:: PROBLEM DETAILS ::
Through the last line of the entries, please copy every line exactly, starting with the one that contains "#129=EDGE_CURVE('E164',#104,#121,#128,.T.);".

:: GIVEN DATA ::
☆ ☆ ☆

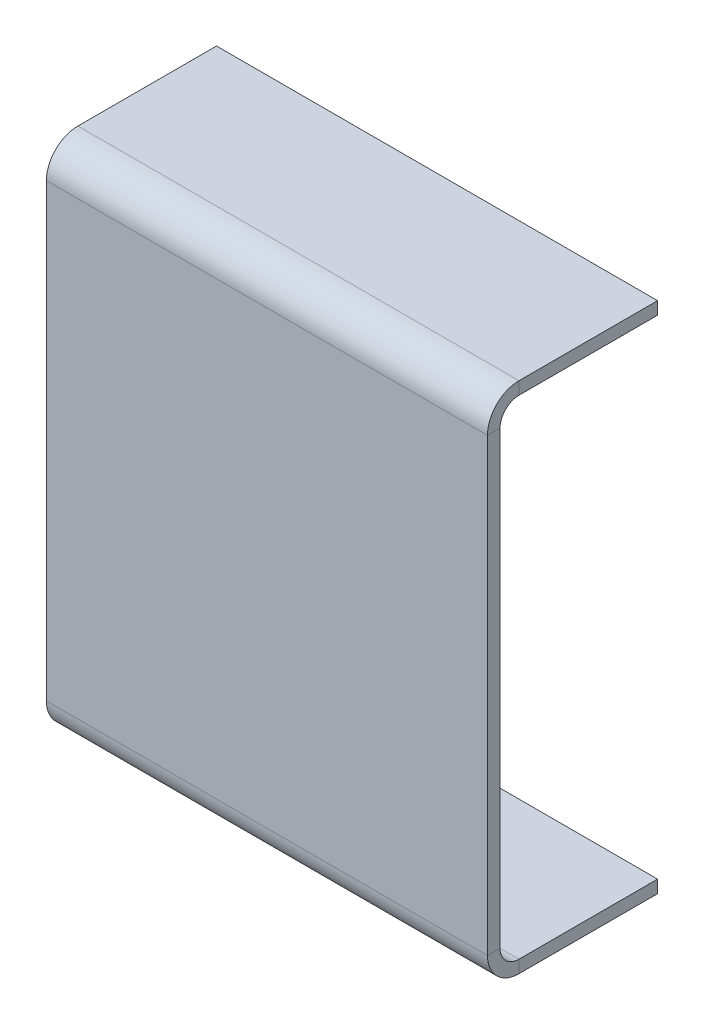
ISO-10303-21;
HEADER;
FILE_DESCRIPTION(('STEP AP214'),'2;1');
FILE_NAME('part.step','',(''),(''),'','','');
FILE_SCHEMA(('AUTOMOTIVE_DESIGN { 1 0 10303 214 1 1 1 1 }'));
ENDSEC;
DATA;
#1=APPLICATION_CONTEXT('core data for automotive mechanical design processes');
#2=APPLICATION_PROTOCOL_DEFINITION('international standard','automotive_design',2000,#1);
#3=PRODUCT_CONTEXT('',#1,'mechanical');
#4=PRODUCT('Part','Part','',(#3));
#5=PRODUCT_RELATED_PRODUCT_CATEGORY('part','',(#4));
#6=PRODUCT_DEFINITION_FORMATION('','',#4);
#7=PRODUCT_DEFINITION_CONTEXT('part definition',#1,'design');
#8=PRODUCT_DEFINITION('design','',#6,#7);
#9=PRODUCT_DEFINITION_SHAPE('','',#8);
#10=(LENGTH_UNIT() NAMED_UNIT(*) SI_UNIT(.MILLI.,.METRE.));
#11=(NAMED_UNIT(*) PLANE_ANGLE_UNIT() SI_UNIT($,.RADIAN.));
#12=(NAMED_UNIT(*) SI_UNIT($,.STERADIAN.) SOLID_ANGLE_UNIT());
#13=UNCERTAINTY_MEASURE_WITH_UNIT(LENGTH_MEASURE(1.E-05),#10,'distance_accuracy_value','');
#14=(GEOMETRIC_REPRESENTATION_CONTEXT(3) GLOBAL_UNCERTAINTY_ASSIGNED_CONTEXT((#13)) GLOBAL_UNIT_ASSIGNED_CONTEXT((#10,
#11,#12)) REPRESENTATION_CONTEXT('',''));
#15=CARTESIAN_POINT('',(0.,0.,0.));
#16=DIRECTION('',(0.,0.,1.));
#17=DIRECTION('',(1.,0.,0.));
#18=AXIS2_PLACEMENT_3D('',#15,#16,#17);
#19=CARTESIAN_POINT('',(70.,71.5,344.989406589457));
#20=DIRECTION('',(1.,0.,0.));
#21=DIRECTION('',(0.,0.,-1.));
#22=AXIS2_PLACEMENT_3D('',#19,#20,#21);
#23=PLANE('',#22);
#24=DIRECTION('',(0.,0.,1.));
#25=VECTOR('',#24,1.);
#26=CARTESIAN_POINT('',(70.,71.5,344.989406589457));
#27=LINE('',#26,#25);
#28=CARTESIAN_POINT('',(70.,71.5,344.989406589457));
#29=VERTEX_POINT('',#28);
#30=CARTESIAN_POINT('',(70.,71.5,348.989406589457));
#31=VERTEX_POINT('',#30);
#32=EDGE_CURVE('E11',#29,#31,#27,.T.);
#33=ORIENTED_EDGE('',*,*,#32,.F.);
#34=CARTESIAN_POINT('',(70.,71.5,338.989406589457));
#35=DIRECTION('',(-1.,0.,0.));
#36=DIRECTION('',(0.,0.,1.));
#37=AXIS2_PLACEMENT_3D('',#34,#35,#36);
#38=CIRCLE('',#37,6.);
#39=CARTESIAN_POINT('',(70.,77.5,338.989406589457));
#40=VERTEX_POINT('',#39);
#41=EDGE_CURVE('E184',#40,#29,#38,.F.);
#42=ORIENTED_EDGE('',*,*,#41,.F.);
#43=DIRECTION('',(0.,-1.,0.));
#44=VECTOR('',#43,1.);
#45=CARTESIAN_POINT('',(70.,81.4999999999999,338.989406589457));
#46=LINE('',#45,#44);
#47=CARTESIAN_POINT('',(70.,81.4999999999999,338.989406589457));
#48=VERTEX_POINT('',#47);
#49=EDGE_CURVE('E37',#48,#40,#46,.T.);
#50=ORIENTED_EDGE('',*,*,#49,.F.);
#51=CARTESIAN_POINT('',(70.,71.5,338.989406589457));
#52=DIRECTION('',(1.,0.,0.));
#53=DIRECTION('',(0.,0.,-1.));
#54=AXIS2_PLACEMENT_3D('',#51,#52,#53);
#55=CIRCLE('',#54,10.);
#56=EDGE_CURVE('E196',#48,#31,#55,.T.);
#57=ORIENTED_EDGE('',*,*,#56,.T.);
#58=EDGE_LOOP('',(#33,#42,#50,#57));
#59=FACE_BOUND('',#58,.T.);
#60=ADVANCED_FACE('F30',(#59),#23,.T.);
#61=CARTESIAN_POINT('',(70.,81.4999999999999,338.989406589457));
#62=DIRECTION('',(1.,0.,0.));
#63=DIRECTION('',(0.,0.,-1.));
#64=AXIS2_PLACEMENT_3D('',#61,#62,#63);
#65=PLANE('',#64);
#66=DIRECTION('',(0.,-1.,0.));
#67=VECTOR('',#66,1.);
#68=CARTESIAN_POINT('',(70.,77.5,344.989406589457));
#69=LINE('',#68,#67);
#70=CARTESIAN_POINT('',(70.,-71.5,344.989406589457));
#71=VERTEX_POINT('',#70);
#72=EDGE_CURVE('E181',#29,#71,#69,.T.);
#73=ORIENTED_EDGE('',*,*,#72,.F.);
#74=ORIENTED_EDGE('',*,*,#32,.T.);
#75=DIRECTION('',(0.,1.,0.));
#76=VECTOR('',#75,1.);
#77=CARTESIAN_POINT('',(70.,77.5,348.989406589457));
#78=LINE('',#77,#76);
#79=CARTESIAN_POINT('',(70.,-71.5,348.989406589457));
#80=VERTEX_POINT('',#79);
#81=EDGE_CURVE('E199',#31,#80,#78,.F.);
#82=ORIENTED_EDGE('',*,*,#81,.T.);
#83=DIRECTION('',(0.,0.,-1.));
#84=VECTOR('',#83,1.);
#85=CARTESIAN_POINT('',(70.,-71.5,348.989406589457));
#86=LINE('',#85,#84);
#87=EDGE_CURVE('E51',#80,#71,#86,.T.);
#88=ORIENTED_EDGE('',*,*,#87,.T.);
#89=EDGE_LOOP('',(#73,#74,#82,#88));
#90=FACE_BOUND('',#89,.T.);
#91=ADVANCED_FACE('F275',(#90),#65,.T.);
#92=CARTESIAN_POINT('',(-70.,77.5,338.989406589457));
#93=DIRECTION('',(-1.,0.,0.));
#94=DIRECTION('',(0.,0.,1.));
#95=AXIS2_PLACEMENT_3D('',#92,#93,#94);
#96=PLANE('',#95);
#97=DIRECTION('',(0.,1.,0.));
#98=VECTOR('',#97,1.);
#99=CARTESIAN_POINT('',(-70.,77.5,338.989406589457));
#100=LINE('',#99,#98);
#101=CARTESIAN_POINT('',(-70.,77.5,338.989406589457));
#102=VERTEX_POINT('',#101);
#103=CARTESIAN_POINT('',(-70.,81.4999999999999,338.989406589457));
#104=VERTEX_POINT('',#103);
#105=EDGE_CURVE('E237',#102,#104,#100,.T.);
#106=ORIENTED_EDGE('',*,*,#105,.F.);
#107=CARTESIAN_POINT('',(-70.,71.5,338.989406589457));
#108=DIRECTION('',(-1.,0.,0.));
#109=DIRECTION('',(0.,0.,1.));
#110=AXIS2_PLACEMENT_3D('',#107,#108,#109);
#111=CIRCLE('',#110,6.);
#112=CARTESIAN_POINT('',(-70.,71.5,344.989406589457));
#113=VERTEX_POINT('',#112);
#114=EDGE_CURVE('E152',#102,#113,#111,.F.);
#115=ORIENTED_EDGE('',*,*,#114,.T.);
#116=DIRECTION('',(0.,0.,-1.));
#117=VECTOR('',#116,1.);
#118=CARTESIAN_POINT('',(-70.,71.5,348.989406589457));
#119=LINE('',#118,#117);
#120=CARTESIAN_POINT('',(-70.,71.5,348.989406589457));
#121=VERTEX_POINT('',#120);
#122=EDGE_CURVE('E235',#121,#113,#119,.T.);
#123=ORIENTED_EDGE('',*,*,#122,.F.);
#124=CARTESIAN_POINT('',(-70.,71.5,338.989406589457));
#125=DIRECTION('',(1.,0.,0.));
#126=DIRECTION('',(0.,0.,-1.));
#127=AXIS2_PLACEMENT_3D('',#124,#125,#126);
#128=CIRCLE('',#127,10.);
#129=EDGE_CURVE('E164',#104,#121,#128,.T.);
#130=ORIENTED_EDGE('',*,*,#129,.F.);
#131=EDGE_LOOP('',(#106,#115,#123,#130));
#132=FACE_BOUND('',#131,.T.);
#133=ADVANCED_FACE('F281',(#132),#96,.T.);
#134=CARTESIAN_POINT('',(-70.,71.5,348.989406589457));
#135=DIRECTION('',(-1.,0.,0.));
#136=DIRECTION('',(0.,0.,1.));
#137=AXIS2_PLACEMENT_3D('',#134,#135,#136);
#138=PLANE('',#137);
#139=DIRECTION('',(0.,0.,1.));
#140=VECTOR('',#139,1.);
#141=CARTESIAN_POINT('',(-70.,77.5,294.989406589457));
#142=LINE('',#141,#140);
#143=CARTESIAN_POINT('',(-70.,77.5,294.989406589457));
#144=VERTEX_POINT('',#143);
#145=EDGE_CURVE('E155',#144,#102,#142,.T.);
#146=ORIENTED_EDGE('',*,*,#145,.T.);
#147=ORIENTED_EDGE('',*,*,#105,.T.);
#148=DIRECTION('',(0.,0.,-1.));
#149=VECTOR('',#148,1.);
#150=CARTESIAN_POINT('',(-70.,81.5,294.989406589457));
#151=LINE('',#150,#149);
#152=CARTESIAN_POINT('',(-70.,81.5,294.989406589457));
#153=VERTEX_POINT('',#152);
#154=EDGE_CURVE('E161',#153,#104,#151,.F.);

☆ ☆ ☆

:: RESULT ::
#129=EDGE_CURVE('E164',#104,#121,#128,.T.);
#130=ORIENTED_EDGE('',*,*,#129,.F.);
#131=EDGE_LOOP('',(#106,#115,#123,#130));
#132=FACE_BOUND('',#131,.T.);
#133=ADVANCED_FACE('F281',(#132),#96,.T.);
#134=CARTESIAN_POINT('',(-70.,71.5,348.989406589457));
#135=DIRECTION('',(-1.,0.,0.));
#136=DIRECTION('',(0.,0.,1.));
#137=AXIS2_PLACEMENT_3D('',#134,#135,#136);
#138=PLANE('',#137);
#139=DIRECTION('',(0.,0.,1.));
#140=VECTOR('',#139,1.);
#141=CARTESIAN_POINT('',(-70.,77.5,294.989406589457));
#142=LINE('',#141,#140);
#143=CARTESIAN_POINT('',(-70.,77.5,294.989406589457));
#144=VERTEX_POINT('',#143);
#145=EDGE_CURVE('E155',#144,#102,#142,.T.);
#146=ORIENTED_EDGE('',*,*,#145,.T.);
#147=ORIENTED_EDGE('',*,*,#105,.T.);
#148=DIRECTION('',(0.,0.,-1.));
#149=VECTOR('',#148,1.);
#150=CARTESIAN_POINT('',(-70.,81.5,294.989406589457));
#151=LINE('',#150,#149);
#152=CARTESIAN_POINT('',(-70.,81.5,294.989406589457));
#153=VERTEX_POINT('',#152);
#154=EDGE_CURVE('E161',#153,#104,#151,.F.);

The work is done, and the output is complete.